═══ Input
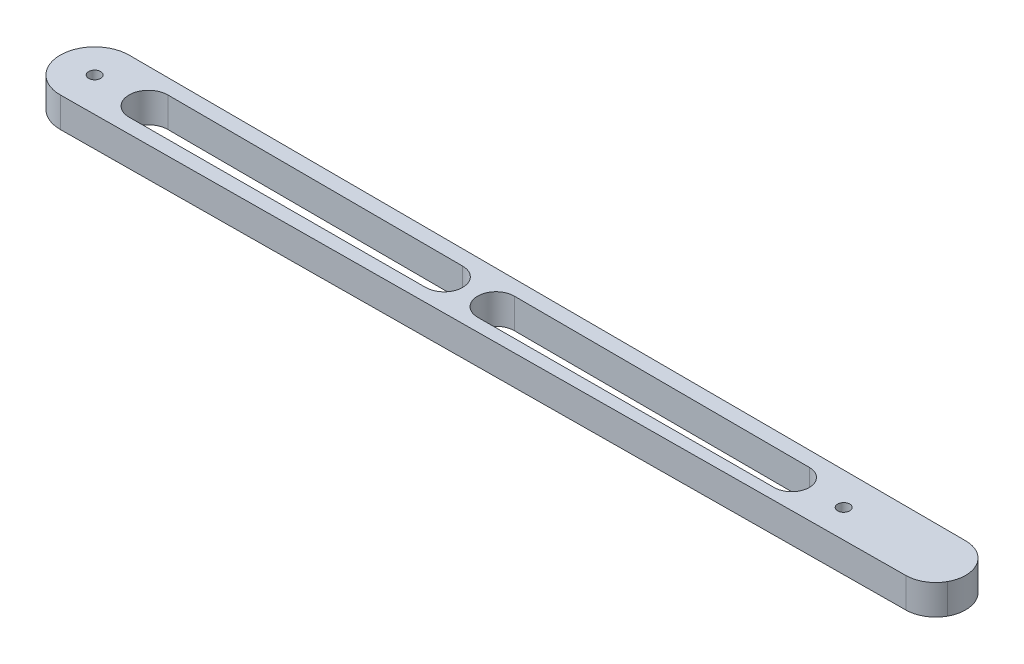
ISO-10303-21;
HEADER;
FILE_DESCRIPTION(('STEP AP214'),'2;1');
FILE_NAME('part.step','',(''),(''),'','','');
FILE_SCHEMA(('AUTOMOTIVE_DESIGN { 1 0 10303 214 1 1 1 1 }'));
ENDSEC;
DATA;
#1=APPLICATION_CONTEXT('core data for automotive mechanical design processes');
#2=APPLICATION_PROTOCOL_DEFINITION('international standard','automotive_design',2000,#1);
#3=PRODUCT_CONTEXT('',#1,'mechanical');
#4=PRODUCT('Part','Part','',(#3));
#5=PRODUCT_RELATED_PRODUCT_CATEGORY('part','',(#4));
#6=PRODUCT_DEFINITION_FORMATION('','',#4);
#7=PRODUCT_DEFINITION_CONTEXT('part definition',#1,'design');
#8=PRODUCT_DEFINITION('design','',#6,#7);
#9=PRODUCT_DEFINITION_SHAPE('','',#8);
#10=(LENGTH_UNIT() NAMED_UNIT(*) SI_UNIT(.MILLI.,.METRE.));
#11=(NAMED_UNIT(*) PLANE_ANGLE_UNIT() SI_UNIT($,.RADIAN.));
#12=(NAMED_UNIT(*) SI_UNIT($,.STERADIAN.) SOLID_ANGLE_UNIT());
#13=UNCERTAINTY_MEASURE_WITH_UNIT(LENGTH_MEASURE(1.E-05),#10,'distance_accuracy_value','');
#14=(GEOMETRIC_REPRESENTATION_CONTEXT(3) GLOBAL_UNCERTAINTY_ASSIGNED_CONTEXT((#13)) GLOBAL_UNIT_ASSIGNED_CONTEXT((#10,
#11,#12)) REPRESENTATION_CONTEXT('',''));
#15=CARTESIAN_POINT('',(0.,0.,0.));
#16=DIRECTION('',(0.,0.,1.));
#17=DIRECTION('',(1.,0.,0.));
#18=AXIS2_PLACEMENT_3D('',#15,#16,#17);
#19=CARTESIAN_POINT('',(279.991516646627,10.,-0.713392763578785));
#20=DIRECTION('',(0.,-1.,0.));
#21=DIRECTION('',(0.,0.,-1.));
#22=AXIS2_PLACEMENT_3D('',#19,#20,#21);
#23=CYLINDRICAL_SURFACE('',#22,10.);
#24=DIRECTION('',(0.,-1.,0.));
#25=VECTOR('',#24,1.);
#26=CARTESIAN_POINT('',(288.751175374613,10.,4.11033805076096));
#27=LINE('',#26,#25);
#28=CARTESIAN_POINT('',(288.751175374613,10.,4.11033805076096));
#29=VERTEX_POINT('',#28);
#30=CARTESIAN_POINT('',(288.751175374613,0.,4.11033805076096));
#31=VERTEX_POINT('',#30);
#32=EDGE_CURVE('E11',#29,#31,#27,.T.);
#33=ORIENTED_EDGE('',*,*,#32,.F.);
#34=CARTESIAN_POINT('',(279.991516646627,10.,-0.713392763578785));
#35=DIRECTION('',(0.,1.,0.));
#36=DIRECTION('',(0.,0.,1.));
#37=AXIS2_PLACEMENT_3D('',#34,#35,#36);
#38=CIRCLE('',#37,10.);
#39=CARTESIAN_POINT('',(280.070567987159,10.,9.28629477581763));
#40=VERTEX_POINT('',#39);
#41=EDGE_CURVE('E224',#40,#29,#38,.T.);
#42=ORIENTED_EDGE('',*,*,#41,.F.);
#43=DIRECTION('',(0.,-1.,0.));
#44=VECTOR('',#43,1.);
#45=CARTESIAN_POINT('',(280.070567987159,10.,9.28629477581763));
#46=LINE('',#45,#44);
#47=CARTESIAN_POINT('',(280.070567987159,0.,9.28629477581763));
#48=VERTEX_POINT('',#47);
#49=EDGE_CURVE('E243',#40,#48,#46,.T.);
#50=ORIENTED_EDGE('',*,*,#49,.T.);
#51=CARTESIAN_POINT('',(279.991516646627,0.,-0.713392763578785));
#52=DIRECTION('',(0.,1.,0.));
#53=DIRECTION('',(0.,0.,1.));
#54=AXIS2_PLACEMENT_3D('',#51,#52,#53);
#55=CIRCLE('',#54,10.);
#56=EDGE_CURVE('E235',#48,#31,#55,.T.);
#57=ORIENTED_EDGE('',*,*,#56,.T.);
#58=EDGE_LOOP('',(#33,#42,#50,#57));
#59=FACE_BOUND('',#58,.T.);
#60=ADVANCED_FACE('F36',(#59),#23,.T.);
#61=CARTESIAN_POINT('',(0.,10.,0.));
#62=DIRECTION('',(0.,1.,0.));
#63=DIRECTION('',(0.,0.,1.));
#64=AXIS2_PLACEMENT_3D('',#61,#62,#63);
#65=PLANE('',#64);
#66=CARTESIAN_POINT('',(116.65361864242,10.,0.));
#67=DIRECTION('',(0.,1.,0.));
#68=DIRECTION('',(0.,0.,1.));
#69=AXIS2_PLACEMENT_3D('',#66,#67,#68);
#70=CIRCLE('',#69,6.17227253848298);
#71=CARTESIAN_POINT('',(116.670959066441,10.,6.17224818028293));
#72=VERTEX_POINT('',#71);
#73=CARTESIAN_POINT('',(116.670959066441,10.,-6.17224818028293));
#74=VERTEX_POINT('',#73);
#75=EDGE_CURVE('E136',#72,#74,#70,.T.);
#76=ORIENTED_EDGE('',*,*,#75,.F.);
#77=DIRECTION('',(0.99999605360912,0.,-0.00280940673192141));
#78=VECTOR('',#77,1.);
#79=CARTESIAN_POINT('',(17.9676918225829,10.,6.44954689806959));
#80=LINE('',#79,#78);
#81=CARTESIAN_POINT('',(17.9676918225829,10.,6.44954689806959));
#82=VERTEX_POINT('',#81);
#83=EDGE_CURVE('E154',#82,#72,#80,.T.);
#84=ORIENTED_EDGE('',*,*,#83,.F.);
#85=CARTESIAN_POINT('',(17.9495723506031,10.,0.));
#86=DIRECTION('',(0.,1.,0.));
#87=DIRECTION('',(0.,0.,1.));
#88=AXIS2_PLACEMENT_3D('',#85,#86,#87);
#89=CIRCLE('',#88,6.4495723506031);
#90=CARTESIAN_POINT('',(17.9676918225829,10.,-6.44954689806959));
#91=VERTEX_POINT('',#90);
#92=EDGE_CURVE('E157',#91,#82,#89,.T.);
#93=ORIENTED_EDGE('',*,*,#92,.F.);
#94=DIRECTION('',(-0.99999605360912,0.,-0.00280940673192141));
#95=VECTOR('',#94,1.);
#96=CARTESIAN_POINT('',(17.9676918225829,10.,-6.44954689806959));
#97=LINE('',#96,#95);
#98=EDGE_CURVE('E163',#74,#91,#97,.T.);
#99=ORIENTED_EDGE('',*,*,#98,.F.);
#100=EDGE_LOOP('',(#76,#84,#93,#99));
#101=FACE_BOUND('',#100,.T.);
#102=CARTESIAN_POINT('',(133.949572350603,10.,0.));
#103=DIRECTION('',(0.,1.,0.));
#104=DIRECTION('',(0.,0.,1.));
══════
Aim of the exercise
Out of the data above, give again only the lines starting at the one holding "#49=EDGE_CURVE('E243',#40,#48,#46,.T.);" and ending at the one holding "#57=ORIENTED_EDGE('',*,*,#56,.T.);", unchanged.

Expected answer
#49=EDGE_CURVE('E243',#40,#48,#46,.T.);
#50=ORIENTED_EDGE('',*,*,#49,.T.);
#51=CARTESIAN_POINT('',(279.991516646627,0.,-0.713392763578785));
#52=DIRECTION('',(0.,1.,0.));
#53=DIRECTION('',(0.,0.,1.));
#54=AXIS2_PLACEMENT_3D('',#51,#52,#53);
#55=CIRCLE('',#54,10.);
#56=EDGE_CURVE('E235',#48,#31,#55,.T.);
#57=ORIENTED_EDGE('',*,*,#56,.T.);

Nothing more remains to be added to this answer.